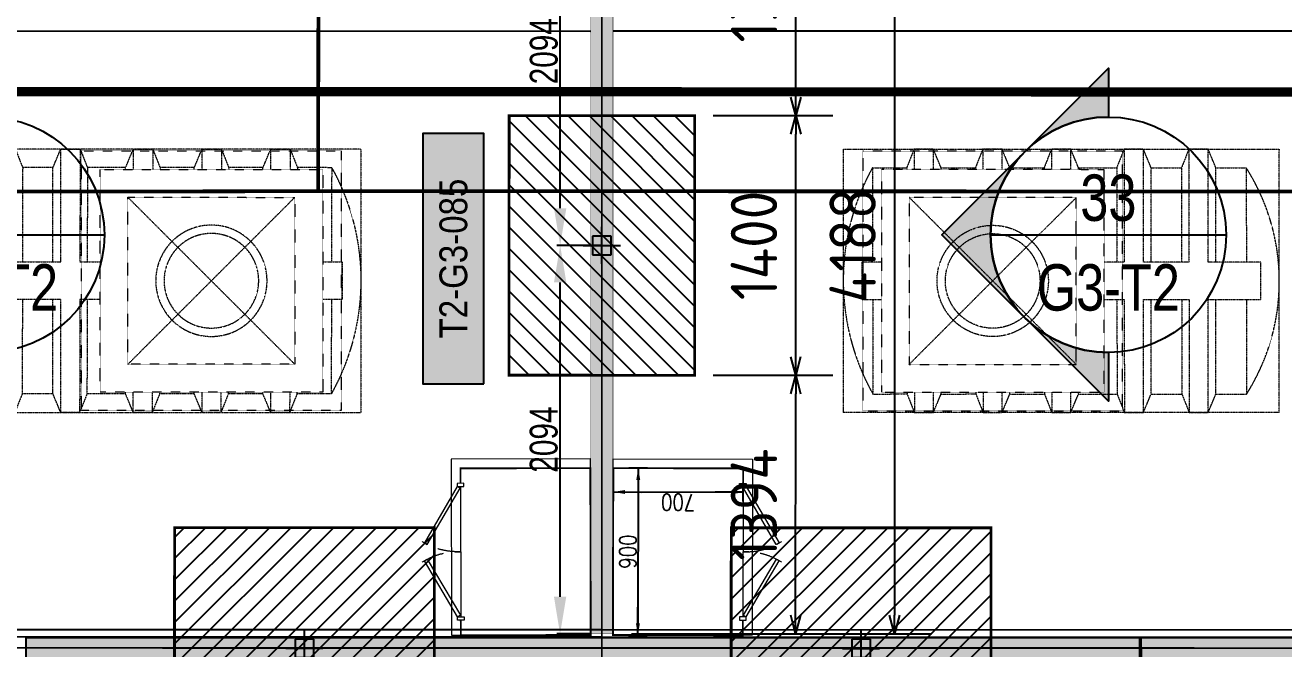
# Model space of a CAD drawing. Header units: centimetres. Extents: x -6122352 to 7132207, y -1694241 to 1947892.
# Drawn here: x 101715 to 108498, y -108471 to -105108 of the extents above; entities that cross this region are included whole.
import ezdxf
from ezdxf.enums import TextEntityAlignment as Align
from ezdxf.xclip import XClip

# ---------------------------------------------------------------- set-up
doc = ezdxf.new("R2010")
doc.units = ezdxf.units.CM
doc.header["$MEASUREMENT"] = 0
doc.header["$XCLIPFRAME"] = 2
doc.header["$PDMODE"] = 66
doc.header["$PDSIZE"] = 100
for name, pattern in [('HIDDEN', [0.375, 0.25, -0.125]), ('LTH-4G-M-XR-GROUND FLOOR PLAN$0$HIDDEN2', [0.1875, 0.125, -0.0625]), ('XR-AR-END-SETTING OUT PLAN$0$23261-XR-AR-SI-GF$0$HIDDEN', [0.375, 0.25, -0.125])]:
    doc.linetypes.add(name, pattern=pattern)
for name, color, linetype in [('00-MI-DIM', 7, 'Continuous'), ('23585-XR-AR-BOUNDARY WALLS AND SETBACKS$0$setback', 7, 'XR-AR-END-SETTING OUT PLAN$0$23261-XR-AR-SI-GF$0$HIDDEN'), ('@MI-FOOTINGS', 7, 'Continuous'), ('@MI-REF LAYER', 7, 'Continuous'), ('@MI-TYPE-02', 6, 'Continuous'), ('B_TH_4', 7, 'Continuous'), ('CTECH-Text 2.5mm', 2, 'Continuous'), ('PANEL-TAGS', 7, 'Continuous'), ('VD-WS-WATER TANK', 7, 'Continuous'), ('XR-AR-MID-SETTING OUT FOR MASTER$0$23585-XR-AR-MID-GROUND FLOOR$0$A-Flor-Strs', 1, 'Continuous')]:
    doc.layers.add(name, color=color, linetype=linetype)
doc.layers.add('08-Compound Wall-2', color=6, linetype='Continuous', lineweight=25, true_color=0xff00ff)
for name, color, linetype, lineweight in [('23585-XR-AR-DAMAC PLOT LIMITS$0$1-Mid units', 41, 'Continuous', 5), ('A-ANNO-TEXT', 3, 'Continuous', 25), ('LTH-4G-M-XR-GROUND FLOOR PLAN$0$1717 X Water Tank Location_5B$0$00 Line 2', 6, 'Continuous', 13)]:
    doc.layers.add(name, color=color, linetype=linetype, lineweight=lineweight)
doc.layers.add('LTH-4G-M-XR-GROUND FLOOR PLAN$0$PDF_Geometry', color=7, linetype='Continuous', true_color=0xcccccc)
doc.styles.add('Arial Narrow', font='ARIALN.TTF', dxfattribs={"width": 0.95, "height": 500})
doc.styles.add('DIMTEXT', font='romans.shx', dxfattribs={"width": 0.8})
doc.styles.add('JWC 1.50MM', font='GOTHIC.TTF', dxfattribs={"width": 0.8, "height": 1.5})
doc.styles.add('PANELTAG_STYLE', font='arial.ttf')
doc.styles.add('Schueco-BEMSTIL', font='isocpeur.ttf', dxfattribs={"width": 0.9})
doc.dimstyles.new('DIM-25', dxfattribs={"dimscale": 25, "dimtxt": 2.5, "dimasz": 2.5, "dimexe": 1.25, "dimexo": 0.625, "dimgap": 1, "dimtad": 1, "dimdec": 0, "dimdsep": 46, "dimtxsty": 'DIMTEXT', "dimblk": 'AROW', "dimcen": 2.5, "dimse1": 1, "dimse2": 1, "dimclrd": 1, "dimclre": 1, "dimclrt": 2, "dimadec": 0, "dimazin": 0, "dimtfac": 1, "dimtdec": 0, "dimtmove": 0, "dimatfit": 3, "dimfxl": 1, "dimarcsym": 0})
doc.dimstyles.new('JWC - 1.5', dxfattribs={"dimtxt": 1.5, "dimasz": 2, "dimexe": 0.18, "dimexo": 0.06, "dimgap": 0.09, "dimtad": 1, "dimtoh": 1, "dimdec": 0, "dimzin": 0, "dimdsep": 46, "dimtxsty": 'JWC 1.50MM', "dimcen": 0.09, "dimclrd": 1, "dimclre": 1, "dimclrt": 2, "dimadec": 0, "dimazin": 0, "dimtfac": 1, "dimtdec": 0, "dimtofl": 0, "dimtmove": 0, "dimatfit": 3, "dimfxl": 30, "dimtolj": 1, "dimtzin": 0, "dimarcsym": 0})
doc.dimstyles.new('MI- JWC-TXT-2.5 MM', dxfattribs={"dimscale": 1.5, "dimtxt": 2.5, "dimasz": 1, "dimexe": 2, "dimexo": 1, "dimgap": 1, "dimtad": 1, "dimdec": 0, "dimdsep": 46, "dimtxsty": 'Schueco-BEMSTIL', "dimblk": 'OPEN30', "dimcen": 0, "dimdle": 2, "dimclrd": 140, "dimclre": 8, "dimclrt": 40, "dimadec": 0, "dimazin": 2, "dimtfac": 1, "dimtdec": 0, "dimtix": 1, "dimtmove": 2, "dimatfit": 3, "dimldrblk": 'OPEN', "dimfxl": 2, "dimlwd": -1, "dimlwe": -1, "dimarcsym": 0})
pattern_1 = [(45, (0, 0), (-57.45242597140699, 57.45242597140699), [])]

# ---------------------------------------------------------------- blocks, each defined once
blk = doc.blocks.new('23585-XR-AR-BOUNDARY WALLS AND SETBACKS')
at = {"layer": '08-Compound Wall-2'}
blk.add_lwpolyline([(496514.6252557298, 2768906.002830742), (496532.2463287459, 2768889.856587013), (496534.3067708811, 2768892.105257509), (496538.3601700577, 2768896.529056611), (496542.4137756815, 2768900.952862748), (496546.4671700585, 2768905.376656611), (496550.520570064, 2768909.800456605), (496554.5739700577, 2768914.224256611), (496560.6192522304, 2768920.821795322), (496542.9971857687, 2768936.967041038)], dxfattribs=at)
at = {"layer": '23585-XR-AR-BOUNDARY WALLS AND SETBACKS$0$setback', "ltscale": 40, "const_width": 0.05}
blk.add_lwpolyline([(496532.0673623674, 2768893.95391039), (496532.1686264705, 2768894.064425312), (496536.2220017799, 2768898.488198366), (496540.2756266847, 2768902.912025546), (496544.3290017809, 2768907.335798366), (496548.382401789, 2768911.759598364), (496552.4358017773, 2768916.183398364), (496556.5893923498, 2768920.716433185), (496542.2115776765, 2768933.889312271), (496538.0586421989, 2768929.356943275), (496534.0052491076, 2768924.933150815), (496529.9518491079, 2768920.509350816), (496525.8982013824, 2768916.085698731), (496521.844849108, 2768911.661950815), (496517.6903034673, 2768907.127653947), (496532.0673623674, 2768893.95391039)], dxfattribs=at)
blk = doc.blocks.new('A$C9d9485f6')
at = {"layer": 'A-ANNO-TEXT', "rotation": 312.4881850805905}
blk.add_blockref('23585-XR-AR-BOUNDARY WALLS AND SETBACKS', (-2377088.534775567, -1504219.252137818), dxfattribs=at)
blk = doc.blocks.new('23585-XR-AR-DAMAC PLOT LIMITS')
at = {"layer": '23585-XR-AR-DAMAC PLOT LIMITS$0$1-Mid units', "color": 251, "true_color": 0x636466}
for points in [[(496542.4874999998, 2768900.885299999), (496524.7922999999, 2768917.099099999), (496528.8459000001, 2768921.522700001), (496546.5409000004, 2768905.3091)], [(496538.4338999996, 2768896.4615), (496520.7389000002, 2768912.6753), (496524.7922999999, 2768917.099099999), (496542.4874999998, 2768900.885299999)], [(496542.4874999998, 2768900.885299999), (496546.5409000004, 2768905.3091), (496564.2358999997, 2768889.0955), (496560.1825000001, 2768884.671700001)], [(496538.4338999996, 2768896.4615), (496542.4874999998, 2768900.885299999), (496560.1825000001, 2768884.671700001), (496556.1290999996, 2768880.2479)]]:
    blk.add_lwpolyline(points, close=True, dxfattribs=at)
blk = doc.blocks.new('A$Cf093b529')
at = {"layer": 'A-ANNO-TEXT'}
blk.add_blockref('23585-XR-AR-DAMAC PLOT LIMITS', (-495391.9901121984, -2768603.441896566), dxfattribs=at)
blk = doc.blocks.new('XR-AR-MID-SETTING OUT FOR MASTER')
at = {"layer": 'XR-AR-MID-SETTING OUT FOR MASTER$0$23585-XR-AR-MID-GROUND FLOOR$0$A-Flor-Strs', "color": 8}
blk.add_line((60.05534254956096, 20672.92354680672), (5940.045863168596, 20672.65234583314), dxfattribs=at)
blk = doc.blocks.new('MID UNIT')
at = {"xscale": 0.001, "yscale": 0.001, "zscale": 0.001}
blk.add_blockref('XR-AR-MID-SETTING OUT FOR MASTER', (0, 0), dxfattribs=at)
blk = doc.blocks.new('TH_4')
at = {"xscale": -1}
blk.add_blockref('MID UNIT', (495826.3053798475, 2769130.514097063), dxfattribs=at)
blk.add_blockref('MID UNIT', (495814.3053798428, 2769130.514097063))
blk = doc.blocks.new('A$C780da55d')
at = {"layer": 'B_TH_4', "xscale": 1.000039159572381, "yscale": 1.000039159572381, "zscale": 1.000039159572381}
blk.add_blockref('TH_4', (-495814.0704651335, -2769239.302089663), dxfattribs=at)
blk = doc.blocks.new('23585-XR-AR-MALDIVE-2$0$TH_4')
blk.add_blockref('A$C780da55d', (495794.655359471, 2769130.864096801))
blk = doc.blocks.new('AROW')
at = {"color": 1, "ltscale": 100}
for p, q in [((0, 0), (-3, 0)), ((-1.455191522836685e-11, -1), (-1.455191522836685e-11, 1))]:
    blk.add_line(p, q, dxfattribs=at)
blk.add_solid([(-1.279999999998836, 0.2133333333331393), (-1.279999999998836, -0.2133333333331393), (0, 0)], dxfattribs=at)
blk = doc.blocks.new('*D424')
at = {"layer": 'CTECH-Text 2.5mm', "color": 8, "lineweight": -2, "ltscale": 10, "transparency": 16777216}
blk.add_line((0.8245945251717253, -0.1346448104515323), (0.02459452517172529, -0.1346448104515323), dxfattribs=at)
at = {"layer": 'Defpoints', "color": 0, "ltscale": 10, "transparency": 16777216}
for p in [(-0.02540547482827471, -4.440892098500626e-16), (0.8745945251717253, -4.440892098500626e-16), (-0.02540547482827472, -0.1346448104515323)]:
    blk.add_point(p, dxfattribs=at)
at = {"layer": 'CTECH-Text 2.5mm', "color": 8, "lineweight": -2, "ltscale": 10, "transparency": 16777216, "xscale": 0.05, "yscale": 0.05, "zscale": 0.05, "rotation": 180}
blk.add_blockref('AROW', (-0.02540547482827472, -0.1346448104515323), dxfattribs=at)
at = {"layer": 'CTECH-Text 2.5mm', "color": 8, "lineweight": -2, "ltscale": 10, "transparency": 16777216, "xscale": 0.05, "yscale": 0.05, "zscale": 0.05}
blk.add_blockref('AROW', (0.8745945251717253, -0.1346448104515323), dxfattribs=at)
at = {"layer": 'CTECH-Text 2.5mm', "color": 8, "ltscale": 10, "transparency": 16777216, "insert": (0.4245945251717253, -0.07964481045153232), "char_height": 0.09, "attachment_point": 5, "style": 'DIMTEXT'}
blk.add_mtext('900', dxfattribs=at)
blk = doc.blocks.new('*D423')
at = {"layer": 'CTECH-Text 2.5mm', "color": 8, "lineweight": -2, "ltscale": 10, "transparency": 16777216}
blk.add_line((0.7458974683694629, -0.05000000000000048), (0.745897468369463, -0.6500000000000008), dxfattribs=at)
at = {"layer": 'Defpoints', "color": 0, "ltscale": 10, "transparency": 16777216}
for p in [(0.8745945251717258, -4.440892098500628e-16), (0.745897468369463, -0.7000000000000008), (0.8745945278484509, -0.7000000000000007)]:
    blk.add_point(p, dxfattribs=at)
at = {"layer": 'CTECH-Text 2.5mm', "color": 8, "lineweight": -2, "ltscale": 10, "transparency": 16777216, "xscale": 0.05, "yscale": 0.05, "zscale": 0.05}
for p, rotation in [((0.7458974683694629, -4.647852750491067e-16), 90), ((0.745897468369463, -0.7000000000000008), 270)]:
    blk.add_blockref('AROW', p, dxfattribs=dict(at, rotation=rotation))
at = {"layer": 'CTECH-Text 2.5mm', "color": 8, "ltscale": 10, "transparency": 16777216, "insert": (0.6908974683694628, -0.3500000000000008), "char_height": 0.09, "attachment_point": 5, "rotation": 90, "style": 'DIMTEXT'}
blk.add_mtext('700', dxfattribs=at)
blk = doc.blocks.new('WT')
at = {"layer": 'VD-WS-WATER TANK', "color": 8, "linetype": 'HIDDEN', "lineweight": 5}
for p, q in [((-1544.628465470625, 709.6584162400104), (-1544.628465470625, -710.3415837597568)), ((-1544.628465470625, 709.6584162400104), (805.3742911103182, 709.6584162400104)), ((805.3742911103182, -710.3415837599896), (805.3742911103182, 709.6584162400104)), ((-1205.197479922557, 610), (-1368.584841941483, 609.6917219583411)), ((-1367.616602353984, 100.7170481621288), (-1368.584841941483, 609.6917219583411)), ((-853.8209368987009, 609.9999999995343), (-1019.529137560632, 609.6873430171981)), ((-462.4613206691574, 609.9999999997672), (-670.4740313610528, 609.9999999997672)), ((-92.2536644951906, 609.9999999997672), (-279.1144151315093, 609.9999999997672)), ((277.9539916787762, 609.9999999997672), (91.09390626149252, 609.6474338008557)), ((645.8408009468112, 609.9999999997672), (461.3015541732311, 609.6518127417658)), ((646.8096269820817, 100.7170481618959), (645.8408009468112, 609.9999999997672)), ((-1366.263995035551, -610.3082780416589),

### TASK REQUIREMENTS:
All lines with the word "LIMITS" need to be copied from the data above.

### REPLY TO THE TASK:
for name, color, linetype, lineweight in [('23585-XR-AR-DAMAC PLOT LIMITS$0$1-Mid units', 41, 'Continuous', 5), ('A-ANNO-TEXT', 3, 'Continuous', 25), ('LTH-4G-M-XR-GROUND FLOOR PLAN$0$1717 X Water Tank Location_5B$0$00 Line 2', 6, 'Continuous', 13)]:
blk = doc.blocks.new('23585-XR-AR-DAMAC PLOT LIMITS')
at = {"layer": '23585-XR-AR-DAMAC PLOT LIMITS$0$1-Mid units', "color": 251, "true_color": 0x636466}
blk.add_blockref('23585-XR-AR-DAMAC PLOT LIMITS', (-495391.9901121984, -2768603.441896566), dxfattribs=at)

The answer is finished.